Records drawn from a dataset
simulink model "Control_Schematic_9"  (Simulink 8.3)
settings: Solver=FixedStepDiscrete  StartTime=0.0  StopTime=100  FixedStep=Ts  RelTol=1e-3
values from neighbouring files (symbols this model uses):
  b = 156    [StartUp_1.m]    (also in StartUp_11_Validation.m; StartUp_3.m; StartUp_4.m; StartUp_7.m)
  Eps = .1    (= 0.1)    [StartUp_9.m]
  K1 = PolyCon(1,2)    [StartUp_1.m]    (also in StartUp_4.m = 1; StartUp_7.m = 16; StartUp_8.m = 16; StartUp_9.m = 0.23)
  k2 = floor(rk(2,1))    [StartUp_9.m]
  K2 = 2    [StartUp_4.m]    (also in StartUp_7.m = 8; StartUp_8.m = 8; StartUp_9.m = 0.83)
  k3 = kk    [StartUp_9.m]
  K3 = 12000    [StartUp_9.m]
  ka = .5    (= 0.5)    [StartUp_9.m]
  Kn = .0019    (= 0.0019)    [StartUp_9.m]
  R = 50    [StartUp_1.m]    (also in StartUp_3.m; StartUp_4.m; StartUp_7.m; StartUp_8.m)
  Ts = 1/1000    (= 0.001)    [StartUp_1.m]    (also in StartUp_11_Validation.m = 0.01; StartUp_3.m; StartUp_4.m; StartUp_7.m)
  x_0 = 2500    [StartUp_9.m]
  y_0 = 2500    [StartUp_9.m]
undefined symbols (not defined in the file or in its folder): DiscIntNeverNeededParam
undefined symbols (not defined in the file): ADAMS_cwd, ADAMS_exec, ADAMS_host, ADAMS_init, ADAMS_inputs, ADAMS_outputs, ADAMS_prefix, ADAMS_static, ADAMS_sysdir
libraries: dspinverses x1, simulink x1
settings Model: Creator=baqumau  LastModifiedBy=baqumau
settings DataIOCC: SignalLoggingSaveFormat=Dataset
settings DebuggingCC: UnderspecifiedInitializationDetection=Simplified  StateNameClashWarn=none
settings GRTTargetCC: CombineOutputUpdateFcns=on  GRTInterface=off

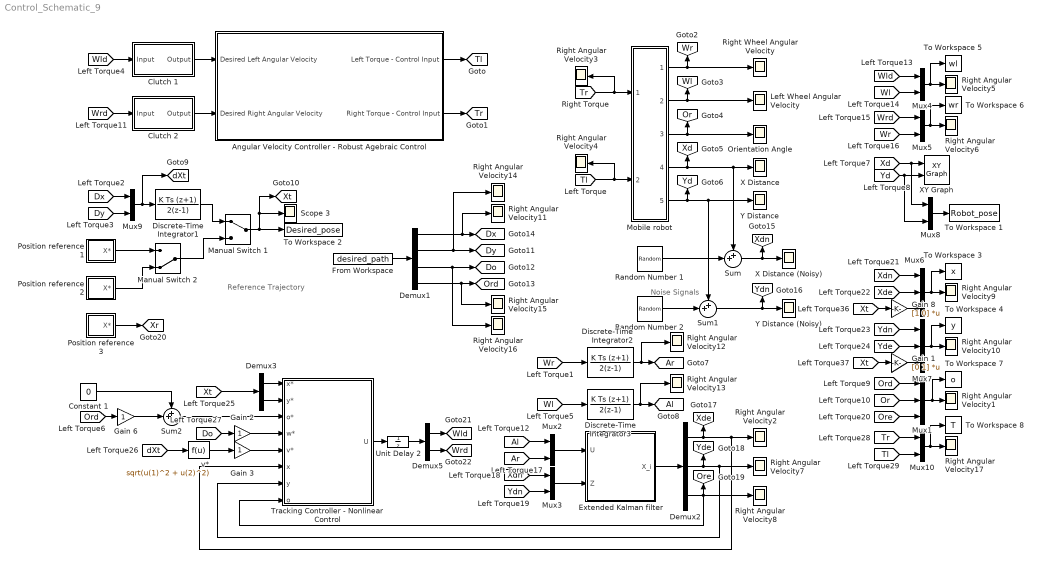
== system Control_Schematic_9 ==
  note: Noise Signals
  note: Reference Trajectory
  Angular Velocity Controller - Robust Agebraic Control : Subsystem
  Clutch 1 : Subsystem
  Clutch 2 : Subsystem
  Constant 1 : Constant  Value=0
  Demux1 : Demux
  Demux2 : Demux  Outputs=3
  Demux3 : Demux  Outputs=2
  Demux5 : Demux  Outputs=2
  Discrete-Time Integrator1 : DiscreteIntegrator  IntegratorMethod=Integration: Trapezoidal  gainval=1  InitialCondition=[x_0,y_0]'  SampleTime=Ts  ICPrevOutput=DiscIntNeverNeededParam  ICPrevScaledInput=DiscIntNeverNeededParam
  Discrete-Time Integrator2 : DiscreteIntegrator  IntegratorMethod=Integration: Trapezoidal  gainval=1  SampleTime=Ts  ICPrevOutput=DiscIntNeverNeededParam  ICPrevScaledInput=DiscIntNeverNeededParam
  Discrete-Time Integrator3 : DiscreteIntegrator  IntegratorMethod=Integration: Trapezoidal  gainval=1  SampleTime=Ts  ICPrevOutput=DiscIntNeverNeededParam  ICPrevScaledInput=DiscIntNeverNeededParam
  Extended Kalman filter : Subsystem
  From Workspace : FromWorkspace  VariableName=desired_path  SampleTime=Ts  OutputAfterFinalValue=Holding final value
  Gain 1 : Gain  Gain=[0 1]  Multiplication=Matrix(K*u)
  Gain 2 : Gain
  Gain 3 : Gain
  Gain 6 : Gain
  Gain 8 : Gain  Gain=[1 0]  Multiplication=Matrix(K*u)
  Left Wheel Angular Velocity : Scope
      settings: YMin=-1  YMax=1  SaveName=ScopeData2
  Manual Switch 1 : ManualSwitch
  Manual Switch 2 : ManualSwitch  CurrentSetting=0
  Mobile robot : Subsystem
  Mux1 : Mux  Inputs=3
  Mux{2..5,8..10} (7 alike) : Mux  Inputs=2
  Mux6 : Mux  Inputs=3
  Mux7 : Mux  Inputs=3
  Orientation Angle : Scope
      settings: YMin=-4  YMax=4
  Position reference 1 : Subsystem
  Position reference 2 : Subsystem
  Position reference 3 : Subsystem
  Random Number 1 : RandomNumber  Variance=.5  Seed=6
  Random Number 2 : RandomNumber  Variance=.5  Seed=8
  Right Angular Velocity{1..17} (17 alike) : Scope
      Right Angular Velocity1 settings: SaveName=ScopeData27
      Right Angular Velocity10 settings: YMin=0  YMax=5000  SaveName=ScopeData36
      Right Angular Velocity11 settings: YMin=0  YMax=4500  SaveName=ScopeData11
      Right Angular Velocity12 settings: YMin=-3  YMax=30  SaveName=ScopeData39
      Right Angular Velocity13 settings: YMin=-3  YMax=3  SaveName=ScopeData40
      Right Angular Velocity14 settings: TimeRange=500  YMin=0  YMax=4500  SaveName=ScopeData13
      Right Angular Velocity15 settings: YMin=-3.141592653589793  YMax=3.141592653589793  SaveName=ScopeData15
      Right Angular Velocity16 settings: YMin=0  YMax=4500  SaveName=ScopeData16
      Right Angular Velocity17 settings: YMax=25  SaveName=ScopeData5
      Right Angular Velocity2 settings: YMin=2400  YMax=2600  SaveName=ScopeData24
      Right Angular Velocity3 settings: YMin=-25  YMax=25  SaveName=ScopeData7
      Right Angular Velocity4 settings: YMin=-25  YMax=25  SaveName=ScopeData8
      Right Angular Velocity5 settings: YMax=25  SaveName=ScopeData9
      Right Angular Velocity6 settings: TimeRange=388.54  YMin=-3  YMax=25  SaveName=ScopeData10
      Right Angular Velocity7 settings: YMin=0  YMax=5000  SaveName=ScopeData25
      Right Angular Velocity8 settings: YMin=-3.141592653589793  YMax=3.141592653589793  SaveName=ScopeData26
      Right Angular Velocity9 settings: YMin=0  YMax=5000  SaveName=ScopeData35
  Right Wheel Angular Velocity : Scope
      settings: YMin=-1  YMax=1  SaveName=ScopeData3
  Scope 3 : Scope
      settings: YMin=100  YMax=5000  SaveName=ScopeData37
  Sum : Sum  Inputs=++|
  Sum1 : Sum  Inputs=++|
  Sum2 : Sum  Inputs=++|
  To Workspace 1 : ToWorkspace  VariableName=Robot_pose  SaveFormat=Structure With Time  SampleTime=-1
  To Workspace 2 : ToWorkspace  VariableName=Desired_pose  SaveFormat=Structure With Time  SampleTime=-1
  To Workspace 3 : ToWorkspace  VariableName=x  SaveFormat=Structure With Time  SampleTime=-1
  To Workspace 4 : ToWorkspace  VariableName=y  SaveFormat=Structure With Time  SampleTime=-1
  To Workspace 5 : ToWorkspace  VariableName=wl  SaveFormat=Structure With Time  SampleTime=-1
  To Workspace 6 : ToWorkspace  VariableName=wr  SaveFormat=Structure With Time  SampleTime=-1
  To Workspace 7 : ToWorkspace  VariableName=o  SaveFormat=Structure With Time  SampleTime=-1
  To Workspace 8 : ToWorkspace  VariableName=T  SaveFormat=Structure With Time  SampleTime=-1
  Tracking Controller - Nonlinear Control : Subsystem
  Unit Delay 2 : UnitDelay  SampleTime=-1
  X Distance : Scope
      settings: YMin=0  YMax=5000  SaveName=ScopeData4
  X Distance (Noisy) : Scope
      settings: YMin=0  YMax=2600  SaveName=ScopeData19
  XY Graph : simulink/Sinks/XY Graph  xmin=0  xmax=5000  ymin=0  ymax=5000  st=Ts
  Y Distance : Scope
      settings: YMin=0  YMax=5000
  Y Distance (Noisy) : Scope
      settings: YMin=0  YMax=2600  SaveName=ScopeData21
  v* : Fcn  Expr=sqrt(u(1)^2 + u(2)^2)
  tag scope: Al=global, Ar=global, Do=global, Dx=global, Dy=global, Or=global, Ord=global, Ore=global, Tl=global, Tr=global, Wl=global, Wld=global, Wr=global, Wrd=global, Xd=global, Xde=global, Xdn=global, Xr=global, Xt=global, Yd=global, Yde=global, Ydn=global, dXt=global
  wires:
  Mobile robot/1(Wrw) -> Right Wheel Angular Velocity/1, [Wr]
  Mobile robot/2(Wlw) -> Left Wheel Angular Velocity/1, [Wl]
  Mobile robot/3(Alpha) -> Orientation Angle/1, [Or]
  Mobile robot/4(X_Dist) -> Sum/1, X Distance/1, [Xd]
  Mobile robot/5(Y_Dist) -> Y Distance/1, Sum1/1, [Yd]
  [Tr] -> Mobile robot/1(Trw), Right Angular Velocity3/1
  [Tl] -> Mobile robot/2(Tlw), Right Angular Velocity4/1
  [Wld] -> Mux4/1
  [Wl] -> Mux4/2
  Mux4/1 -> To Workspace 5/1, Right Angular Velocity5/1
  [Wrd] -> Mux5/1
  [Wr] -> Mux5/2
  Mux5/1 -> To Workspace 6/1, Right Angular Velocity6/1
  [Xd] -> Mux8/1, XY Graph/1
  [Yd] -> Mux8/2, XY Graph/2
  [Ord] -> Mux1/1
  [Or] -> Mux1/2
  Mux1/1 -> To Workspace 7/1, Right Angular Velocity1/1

*WHAT TO PRODUCE:* Search the data for "Angle". Copy every line that has it.

*WRITTEN ANSWER:*
  Orientation Angle : Scope
  Mobile robot/3(Alpha) -> Orientation Angle/1, [Or]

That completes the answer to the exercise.